Oh Captain, My Captain: A ‘Sound Of Music’ Fan Mourns The Loss of Christopher Plummer

My hall pass has died. My husband has already offered his condolences.

I know you know what a hall pass is, but just in case you want to pretend you don’t, it’s the celebrity that you’re allowed to break your marital vow with, should the opportunity ever arise. My hall pass was also a nonagenarian, so while the news is terribly upsetting to me, it was not entirely unexpected. See, I have had a crush on Christopher Plummer, the Academy Award-winning acting legend, since I was 7 years old, so news of his death today at 91 is as debilitating as unexpectedly sitting on a pine cone at family dinner.

Also, just to clarify, I know that the space-time viability of my hall pass is a near impossibility, because I only care to be with Plummer-as-Captain von Trapp from 1965.

The Sound of Music is my favorite film, in part due to the music of Rodgers and Hammerstein, in part because of the majestic views of Salzburg and the Alps, and mostly because Christopher Plummer as Georg von Trapp is one of the most handsome and respectable men to grace the big screen. He is a man in uniform, a man of conviction who resists the Nazis, a man who plays hard to get, a widowed father, a decorated naval veteran, he has a sense of humor you have to crack through an impenetrably hard candy shell to find. Nothing comes for free with this man. It’s really enough to strip the repurposed curtain panties off of anyone.

Yet Plummer reportedly hated the role, saying that it was an “empty carcass of a role” and the film itself was “awful and sentimental and gooey.” I’m not sure he realizes that what he brought to the film was everything that counter-balanced the sentimentality and goo. What I adore most about Georg von Trapp is not the way he realizes his attraction to his children’s governess, Maria, as they dance the Laendler together on his patio, while his fiancee, Baroness Schrader, looks on. It is not the moment that he caresses the cheek of his former domestic employee ever so gently inside his gazebo once she acknowledges that their feelings are mutual. I’m attracted to war hero Captain von Trapp, the man who rips a Nazi flag down and tears it apart with disgust, a man who calmly tries to talk Rolf the messenger-boy-turned-Nazi-snitch into not blowing that whistle in the churchyard, the man who appreciates rule and order in his household and beyond. Maybe he was ahead of his time. My kids don’t come when I call them, maybe personalized whistle calls aren’t such a bad idea.

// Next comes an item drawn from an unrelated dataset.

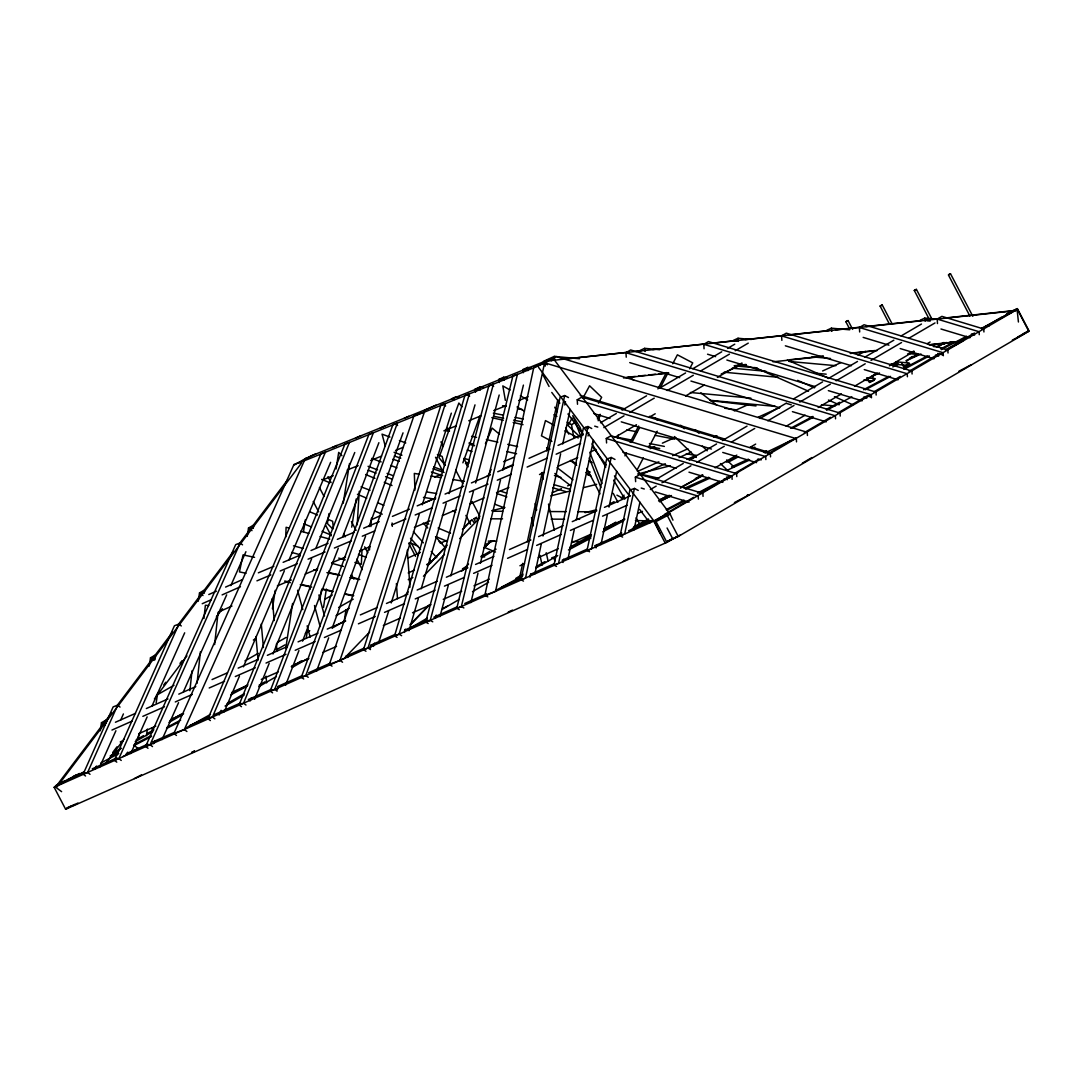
<?xml version="1.0" encoding="UTF-8"?>
<svg xmlns="http://www.w3.org/2000/svg" width="1083" height="1083" viewBox="0 0 1083 1083"><rect width="100%" height="100%" fill="white"/><g stroke="black" fill="none" stroke-linecap="round" stroke-linejoin="round"><path stroke-width="1.5" d="M285.682 537.087L286.115 527.272L289.351 528.152M362.006 549.528L361.356 564.243L354.886 562.483M357.2 524.781L359.245 491.303M369.493 549.988L369.696 546.644M370.928 526.555L371.428 518.188M189.891 690.724L192.016 670.797M197.052 683.305L200.409 651.749M203.956 618.542L205.377 605.262L208.708 605.546M214.637 644.575L218.008 613.019M100.259 730.781L101.491 722.699L106.743 719.694L106.242 722.943M138.177 738.728L138.935 733.773M149.237 666.059L150.496 657.801L155.749 654.809L154.991 659.764M146.381 735.695L147.396 729.089M151.634 732.704L152.392 727.749M156.155 702.975L157.671 693.066M198.243 601.227L199.502 592.915L204.755 589.91L204.254 593.24M247.249 536.356L248.508 528.017L253.76 525.025L253.26 528.355M272.429 608.741L275.217 590.357M285.722 648.582L292.586 603.434M299.72 556.621L300.221 553.278M303.538 531.536L305.311 519.84M306.218 638.361L307.504 630.049M320.067 598.682L321.353 590.37M323.533 607.346L326.349 589.044M328.636 574.071L329.151 570.741M344.191 621.276L345.978 609.783M350.811 578.579L351.312 575.303M328.975 513.599L327.404 523.522L332.819 529.073M336.068 468.939L338.695 452.396L341.944 455.74M343.23 503.202L349.525 463.51M351.704 527.137L356.172 499.019M487.783 596.868L484.859 595.325L533.824 367.205L544.505 363.238L547.429 364.781M544.505 363.238L495.54 591.359L484.859 595.325M519.15 579.879L522.696 563.35M527.313 541.866L542.204 472.432M546.82 450.948L557.826 399.708M523.468 581.084L520.937 579.743L560.114 397.258L564.69 395.552L568.494 397.556M564.69 395.552L525.512 578.051L520.937 579.743M564.784 404.988L565.488 401.698M529.953 577.185L530.656 573.895M534.88 573.841L541.229 544.248M542.989 536.017L560.642 453.818M562.754 443.949L570.172 409.428M556.513 566.423L553.982 565.082L583.358 428.205L587.947 426.512L591.738 428.516M587.947 426.512L558.557 563.377L553.982 565.082M588.042 435.962L588.746 432.659M562.998 562.497L563.702 559.194M567.925 559.139L574.301 529.465M576.427 519.569L593.416 440.415M589.558 551.748L587.027 550.408L606.615 459.165L611.191 457.459L614.995 459.463M611.191 457.459L591.602 548.715L587.027 550.408M596.029 547.903L596.733 544.641M600.957 544.573L607.252 515.237M608.998 507.101L616.687 471.254M622.603 537.073L620.072 535.747L629.873 490.125L634.448 488.419L638.239 490.423M634.448 488.419L624.647 534.041L620.072 535.747M634.002 529.898L639.945 502.201M456.796 608.226L512.868 376.018L517.43 374.325L461.358 606.534L456.796 608.226L459.314 609.634M470.888 602.581L477.996 573.151M480.365 563.336L500.508 479.945M502.878 470.13L523.414 385.101M425.687 622.035L488.88 385.738L493.428 384.045L430.249 620.342L425.687 622.035L428.191 623.51M435.38 618.325L436.246 615.063M439.928 616.633L448.213 585.673M450.826 575.899L473.488 491.154M475.667 483.004L499.195 395.011M394.591 635.843L464.891 395.457L469.426 393.765L399.126 634.151L394.591 635.843L397.082 637.386M404.419 632.418L405.353 629.182M408.954 630.726L418.39 598.466M421.219 588.786L446.223 503.284M449.066 493.604L475.004 404.866M363.482 649.651L440.903 405.177L445.424 403.499L368.017 647.959L363.482 649.651L365.959 651.262M370.481 648L371.496 644.778M373.459 646.429L374.474 643.221M378.495 643.14L388.675 610.974M391.22 602.933L419.229 514.466M422.289 504.827L451.327 413.151M329.394 664.353L413.923 415.804L424.468 411.865L339.94 660.427L329.394 664.353L332.021 666.14M347.67 657.489L348.753 654.294M598.168 420.745L600.375 414.396M617.324 437.884L618.434 434.716M301.291 677.268L392.912 424.631L397.434 422.939L305.799 675.575L301.291 677.268L303.727 678.987M316.574 671.203L328.677 637.833M332.129 628.302L365.567 536.153M369.019 526.609L403.025 432.862M462.888 462.82L479.931 415.98M270.181 691.076L368.924 434.351L373.432 432.659L274.689 689.397L270.181 691.076L272.605 692.849M277.275 689.736L278.493 686.581M285.587 685.255L298.922 650.599M302.55 641.15L338.289 548.228M342.539 537.195L378.888 442.703M239.086 704.884L344.935 444.071L349.43 442.392L243.567 703.205L239.086 704.884L241.482 706.698M250.105 700.958L251.378 697.845M254.6 699.28L269.18 663.365M272.984 653.983L311.647 558.72M316.087 547.781L354.75 452.518M207.977 718.692L320.947 453.791L325.428 452.112L212.458 717.014L207.977 718.692L210.373 720.561M219.118 714.983L221.094 710.326M224.262 711.748L239.451 676.117M243.418 666.817L284.382 570.768M288.999 559.925L330.626 462.333M467.22 465.663L469.223 461.006M485.441 443.61L492.115 428.069L499.507 434.269M488.433 475.681L491.1 469.467M85.53 776.01L83.161 774.101L113.173 706.861L117.654 705.182L120.023 707.077M83.161 774.101L87.628 772.423L117.654 705.182M95.06 769.106L96.428 766.06M99.528 767.427L115.908 730.741M120.687 720.046L123.408 713.927M116.774 762.148L114.392 760.239L174.431 625.744L178.912 624.065L181.281 625.96M114.392 760.239L118.873 758.56L178.912 624.065M126.305 755.244L127.659 752.184M130.772 753.565L147.153 716.878M151.918 706.184L184.679 632.824M148.005 748.272L145.636 746.377L235.688 544.627L240.169 542.949L242.538 544.844M145.636 746.377L150.104 744.684L240.169 542.949M153.502 743.764L154.869 740.677M162.044 739.608L178.546 702.65M183.365 691.875L226.672 594.851M230.801 585.605L245.922 551.721M173.916 733.421L293.994 464.431L304.431 460.492L184.354 729.482L173.916 733.421L176.461 735.452M630.144 442.406L638.632 426.066M657.923 388.905L666.411 372.566M624.918 455.862L626.461 452.897M631.863 442.487L639.579 427.636M660.413 387.511L668.13 372.647M672.76 363.739L677.389 354.818L692.727 362.859L689.641 368.802M624.038 495.107L622.495 498.072L616.931 495.148M637.156 469.846L643.329 457.96M648.731 447.55L657.219 431.21M572.027 418.173L568.047 425.538L580.095 437.072M583.209 397.556L589.585 385.778L601.647 397.312L598.452 403.201M597.383 418.904L599.779 414.491M593.552 441.038L592.008 443.854L605.83 467.071M55.517 787.124L111.427 713.074M116.517 706.346L172.441 632.296M177.517 625.568L233.441 551.518M238.531 544.79L287.333 480.162M112.903 752.238L116.964 746.85M163.736 684.93L165.78 682.236M180.008 663.392L182.039 660.698M105.593 763.569L123.895 739.337M154.395 698.955L186.926 655.865M216.41 616.823L222.516 608.754M427.799 565.543L446.399 546.17M463.835 528.017L471.971 519.556L473.745 522.304M410.457 624.729L429.058 605.356M462.752 570.254L467.409 565.421M483.681 548.472L490.653 541.216M427.419 565.786L447.279 545.182M462.468 529.438L470.658 520.95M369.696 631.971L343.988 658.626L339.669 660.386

To me, The Sound of Music is near perfect. It’s a musical stuffed in a war movie folded into a romance. It’s a Cheesy Blaster on 35 millimeter. The Sound of Music is Julie Andrews’ film, no doubt. Her performance is iconic for myriad reasons, not the least of which is her incredible soprano. Plummer has considerably less screen time than she. But as Miles Davis once said about jazz, “it’s not the notes you play, it’s the notes you don’t play.” Plummer’s presence lingers even in the scenes where he is not, and is that not the epitome of a crush, to long for someone who is not there? Is that not the mark of a great actor, to portray someone so well that they leave you, an innocent seven year old, wondering why you’re so intrigued by this Mr. Big prototype, this man who by all accounts is a jerk, yet you are still charmed by him?

Plummer was more than Captain von Trapp, of course. He was a G short of an EGOT, having won an Oscar, two Tonys, and two Emmys, and his career spanned seven decades. But this film, and his role in it, served as a great connector, a bridge between many generations of fans — from boomers to millennials and beyond. Today, the world mourns his passing — to my fellow Plummer admirers, I know you share this love. I pray that you will never let it die.

Liz Kocan is a pop culture writer living in Brooklyn. Her biggest claim to fame is the time she won on the game show Chain Reaction.